# [What this task involves]
Give again, word for word, every line in the entries below from the line with "#74=VERTEX_POINT('',#73);" up to and including the line with "#124=ORIENTED_EDGE('',*,*,#123,.F.);", and no other line.

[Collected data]
────────────────────

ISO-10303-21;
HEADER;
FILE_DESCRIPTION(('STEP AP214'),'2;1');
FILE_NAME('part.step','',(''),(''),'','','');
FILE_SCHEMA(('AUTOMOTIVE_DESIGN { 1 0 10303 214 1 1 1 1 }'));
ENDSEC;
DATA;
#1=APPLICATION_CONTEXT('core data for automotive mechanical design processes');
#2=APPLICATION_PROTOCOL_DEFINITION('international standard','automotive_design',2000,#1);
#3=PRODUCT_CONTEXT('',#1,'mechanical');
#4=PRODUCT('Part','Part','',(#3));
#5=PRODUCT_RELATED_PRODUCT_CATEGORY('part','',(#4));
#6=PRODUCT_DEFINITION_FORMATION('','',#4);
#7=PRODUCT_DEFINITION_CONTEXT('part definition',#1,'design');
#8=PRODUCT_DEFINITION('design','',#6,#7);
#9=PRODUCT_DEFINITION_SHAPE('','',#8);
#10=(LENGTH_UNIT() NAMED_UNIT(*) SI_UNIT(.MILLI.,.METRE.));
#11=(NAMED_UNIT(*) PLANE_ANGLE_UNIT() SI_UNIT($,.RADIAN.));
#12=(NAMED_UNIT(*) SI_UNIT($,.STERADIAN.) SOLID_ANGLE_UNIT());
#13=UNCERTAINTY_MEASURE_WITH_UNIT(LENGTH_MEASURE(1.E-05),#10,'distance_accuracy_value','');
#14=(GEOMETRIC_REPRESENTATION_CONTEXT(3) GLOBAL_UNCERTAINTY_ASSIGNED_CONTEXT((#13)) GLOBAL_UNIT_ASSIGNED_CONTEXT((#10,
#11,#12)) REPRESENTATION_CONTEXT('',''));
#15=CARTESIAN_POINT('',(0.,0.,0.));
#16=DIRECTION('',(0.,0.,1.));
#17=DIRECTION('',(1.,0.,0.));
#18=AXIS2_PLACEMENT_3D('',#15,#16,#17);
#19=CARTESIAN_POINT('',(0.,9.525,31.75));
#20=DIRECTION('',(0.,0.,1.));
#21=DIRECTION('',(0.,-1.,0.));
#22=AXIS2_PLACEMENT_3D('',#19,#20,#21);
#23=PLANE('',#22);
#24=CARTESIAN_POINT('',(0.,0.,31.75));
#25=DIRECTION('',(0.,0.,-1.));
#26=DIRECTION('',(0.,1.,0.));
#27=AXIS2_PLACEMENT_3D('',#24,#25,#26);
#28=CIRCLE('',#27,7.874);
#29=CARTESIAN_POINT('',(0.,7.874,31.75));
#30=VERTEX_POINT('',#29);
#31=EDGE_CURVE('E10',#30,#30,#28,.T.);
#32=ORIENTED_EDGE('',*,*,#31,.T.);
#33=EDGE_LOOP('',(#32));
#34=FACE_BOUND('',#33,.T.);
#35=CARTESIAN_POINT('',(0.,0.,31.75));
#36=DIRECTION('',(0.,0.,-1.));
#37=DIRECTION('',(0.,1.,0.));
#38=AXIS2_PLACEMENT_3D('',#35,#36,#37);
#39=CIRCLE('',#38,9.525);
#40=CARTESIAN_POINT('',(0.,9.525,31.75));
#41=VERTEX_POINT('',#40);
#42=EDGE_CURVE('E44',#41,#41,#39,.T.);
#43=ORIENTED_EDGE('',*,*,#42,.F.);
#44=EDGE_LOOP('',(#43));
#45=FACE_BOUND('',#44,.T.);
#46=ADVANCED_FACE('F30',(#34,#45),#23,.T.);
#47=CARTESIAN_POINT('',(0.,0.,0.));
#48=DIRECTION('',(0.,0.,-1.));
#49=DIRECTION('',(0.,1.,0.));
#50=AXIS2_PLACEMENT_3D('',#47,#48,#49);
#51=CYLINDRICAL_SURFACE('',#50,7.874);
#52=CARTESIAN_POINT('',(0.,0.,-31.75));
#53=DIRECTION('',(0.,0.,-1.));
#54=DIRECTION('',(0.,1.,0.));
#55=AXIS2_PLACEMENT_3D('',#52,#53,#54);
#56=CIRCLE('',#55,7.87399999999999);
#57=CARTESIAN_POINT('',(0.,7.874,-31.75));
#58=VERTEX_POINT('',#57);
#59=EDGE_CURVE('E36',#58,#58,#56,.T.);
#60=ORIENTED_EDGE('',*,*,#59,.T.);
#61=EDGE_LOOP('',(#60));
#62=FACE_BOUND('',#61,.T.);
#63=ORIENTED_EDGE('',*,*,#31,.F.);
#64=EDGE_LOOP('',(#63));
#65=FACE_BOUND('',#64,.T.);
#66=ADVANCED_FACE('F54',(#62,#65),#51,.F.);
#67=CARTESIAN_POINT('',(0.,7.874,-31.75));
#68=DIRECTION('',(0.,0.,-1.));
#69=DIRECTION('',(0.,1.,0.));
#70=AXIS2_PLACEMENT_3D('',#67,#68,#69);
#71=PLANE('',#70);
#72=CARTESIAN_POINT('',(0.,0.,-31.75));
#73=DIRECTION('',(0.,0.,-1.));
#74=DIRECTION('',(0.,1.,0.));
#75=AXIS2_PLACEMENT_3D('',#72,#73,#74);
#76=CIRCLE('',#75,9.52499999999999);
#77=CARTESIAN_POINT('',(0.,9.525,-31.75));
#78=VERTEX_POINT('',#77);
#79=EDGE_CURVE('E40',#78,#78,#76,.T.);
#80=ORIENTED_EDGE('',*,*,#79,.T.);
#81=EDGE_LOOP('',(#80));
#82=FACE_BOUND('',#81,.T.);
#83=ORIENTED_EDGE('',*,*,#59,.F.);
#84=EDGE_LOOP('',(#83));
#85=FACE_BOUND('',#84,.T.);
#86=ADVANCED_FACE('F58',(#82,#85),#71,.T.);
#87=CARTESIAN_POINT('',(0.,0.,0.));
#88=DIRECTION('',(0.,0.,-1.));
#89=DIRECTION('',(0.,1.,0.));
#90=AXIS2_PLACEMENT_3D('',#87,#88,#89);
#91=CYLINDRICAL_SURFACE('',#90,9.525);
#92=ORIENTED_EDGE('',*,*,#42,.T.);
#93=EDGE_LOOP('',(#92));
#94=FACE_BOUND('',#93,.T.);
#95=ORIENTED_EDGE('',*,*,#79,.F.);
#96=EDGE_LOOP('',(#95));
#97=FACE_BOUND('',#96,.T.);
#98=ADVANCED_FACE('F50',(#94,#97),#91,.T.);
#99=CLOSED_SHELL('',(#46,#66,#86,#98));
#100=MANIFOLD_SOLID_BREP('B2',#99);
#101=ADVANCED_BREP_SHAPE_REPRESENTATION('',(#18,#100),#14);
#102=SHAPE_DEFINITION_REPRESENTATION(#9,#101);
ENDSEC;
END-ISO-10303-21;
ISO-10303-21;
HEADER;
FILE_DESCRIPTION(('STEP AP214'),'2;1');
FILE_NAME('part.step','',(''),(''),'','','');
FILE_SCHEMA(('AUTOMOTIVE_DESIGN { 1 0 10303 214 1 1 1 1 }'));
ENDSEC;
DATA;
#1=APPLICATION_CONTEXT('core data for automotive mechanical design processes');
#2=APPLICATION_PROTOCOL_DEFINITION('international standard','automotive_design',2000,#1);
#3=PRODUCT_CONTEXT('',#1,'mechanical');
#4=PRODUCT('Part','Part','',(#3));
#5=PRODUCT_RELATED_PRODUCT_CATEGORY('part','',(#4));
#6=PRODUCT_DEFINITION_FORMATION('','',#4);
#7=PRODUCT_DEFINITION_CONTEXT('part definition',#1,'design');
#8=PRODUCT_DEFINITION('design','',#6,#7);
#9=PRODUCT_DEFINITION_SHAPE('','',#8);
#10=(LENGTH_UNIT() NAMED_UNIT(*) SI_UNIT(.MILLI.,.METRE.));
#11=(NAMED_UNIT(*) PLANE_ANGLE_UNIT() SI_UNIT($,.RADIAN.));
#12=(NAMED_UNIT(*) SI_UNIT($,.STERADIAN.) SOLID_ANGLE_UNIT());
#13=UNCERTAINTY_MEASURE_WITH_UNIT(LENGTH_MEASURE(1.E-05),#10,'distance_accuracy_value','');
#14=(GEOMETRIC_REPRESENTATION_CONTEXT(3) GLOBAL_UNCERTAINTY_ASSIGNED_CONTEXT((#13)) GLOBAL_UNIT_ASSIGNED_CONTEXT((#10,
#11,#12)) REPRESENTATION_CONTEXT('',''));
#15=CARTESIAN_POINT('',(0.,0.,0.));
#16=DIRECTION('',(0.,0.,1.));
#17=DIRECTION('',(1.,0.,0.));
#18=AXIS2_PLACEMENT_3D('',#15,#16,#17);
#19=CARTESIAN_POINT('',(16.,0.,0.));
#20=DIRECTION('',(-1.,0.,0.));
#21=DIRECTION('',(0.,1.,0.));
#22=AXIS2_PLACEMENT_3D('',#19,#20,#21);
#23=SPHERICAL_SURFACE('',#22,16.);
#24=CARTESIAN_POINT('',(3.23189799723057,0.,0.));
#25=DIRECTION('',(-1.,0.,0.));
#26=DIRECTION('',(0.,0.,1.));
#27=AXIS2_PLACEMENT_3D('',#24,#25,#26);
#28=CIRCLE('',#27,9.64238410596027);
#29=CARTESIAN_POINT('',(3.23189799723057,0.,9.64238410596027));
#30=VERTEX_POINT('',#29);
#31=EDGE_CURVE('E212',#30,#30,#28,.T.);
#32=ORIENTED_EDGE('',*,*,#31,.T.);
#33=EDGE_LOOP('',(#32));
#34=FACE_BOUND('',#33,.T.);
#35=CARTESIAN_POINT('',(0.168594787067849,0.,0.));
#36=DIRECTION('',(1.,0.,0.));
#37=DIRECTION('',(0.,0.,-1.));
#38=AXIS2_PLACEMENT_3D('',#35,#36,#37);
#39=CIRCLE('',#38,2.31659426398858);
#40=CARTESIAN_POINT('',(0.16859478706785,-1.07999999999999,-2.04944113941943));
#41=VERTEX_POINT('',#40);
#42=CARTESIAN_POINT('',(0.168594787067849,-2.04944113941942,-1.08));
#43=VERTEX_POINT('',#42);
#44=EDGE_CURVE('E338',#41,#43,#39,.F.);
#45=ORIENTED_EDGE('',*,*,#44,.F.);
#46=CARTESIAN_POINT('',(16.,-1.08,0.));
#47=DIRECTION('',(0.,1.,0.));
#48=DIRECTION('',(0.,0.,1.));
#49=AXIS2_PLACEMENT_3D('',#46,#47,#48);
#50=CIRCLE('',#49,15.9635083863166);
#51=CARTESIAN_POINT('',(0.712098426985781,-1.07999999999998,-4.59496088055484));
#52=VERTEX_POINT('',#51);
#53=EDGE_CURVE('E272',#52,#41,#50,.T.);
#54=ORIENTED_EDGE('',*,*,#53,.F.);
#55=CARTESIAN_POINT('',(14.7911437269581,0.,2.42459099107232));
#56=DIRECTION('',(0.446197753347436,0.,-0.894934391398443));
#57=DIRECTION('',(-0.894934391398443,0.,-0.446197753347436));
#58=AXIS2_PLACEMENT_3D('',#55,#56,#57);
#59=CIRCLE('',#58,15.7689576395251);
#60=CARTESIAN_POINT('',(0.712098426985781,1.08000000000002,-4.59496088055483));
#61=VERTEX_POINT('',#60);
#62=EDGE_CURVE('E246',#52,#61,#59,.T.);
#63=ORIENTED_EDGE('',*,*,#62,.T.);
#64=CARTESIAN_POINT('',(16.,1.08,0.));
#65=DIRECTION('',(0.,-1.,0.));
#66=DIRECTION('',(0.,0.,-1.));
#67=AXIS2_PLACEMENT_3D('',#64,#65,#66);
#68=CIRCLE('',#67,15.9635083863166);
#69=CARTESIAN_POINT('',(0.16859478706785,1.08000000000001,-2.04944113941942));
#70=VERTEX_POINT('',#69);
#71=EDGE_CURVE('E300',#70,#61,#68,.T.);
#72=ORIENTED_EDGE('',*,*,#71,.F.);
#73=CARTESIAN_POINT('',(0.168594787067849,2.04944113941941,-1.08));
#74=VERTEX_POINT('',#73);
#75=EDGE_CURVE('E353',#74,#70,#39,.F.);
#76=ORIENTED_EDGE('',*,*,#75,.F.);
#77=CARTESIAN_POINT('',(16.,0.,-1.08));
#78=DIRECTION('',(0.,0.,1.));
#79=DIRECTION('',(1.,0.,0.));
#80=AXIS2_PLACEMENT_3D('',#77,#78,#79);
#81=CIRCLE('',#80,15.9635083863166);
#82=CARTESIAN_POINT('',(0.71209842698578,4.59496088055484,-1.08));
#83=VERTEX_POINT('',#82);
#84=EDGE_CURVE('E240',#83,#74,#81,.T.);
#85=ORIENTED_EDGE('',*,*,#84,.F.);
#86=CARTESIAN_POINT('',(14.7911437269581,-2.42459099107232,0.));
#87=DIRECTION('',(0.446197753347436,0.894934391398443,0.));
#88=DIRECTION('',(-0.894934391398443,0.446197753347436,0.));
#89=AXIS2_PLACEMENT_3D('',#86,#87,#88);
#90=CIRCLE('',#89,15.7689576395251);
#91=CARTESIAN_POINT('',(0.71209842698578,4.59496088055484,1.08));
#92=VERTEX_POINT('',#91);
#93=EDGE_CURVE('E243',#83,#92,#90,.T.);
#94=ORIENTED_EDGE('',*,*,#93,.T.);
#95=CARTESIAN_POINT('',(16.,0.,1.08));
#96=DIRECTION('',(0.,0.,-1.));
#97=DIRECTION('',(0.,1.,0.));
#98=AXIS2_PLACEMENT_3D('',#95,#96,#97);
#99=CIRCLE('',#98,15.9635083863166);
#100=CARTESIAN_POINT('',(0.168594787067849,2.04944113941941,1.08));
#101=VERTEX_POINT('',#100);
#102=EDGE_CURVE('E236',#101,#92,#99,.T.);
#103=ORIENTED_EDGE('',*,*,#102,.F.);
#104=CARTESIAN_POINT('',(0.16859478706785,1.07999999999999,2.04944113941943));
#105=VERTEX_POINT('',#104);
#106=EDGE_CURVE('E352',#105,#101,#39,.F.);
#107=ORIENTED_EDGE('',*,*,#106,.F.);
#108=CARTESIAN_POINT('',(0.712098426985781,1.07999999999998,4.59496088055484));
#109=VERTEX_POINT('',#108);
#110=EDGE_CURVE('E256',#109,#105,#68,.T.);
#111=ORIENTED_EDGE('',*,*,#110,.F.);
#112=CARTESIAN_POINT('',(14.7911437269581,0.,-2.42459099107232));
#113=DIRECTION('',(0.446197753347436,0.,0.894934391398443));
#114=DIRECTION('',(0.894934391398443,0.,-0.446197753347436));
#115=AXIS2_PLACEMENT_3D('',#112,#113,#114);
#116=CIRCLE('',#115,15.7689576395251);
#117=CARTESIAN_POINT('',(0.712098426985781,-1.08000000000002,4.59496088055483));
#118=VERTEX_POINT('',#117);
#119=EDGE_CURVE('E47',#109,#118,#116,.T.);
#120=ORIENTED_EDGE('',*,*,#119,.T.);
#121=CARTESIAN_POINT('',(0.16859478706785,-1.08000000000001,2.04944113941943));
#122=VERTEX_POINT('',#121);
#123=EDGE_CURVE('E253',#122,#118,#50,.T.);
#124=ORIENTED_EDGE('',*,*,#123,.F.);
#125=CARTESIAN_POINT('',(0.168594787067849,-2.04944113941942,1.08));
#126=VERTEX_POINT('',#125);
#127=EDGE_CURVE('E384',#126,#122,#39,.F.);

────────────────────

# [Written reply]
#74=VERTEX_POINT('',#73);
#75=EDGE_CURVE('E353',#74,#70,#39,.F.);
#76=ORIENTED_EDGE('',*,*,#75,.F.);
#77=CARTESIAN_POINT('',(16.,0.,-1.08));
#78=DIRECTION('',(0.,0.,1.));
#79=DIRECTION('',(1.,0.,0.));
#80=AXIS2_PLACEMENT_3D('',#77,#78,#79);
#81=CIRCLE('',#80,15.9635083863166);
#82=CARTESIAN_POINT('',(0.71209842698578,4.59496088055484,-1.08));
#83=VERTEX_POINT('',#82);
#84=EDGE_CURVE('E240',#83,#74,#81,.T.);
#85=ORIENTED_EDGE('',*,*,#84,.F.);
#86=CARTESIAN_POINT('',(14.7911437269581,-2.42459099107232,0.));
#87=DIRECTION('',(0.446197753347436,0.894934391398443,0.));
#88=DIRECTION('',(-0.894934391398443,0.446197753347436,0.));
#89=AXIS2_PLACEMENT_3D('',#86,#87,#88);
#90=CIRCLE('',#89,15.7689576395251);
#91=CARTESIAN_POINT('',(0.71209842698578,4.59496088055484,1.08));
#92=VERTEX_POINT('',#91);
#93=EDGE_CURVE('E243',#83,#92,#90,.T.);
#94=ORIENTED_EDGE('',*,*,#93,.T.);
#95=CARTESIAN_POINT('',(16.,0.,1.08));
#96=DIRECTION('',(0.,0.,-1.));
#97=DIRECTION('',(0.,1.,0.));
#98=AXIS2_PLACEMENT_3D('',#95,#96,#97);
#99=CIRCLE('',#98,15.9635083863166);
#100=CARTESIAN_POINT('',(0.168594787067849,2.04944113941941,1.08));
#101=VERTEX_POINT('',#100);
#102=EDGE_CURVE('E236',#101,#92,#99,.T.);
#103=ORIENTED_EDGE('',*,*,#102,.F.);
#104=CARTESIAN_POINT('',(0.16859478706785,1.07999999999999,2.04944113941943));
#105=VERTEX_POINT('',#104);
#106=EDGE_CURVE('E352',#105,#101,#39,.F.);
#107=ORIENTED_EDGE('',*,*,#106,.F.);
#108=CARTESIAN_POINT('',(0.712098426985781,1.07999999999998,4.59496088055484));
#109=VERTEX_POINT('',#108);
#110=EDGE_CURVE('E256',#109,#105,#68,.T.);
#111=ORIENTED_EDGE('',*,*,#110,.F.);
#112=CARTESIAN_POINT('',(14.7911437269581,0.,-2.42459099107232));
#113=DIRECTION('',(0.446197753347436,0.,0.894934391398443));
#114=DIRECTION('',(0.894934391398443,0.,-0.446197753347436));
#115=AXIS2_PLACEMENT_3D('',#112,#113,#114);
#116=CIRCLE('',#115,15.7689576395251);
#117=CARTESIAN_POINT('',(0.712098426985781,-1.08000000000002,4.59496088055483));
#118=VERTEX_POINT('',#117);
#119=EDGE_CURVE('E47',#109,#118,#116,.T.);
#120=ORIENTED_EDGE('',*,*,#119,.T.);
#121=CARTESIAN_POINT('',(0.16859478706785,-1.08000000000001,2.04944113941943));
#122=VERTEX_POINT('',#121);
#123=EDGE_CURVE('E253',#122,#118,#50,.T.);
#124=ORIENTED_EDGE('',*,*,#123,.F.);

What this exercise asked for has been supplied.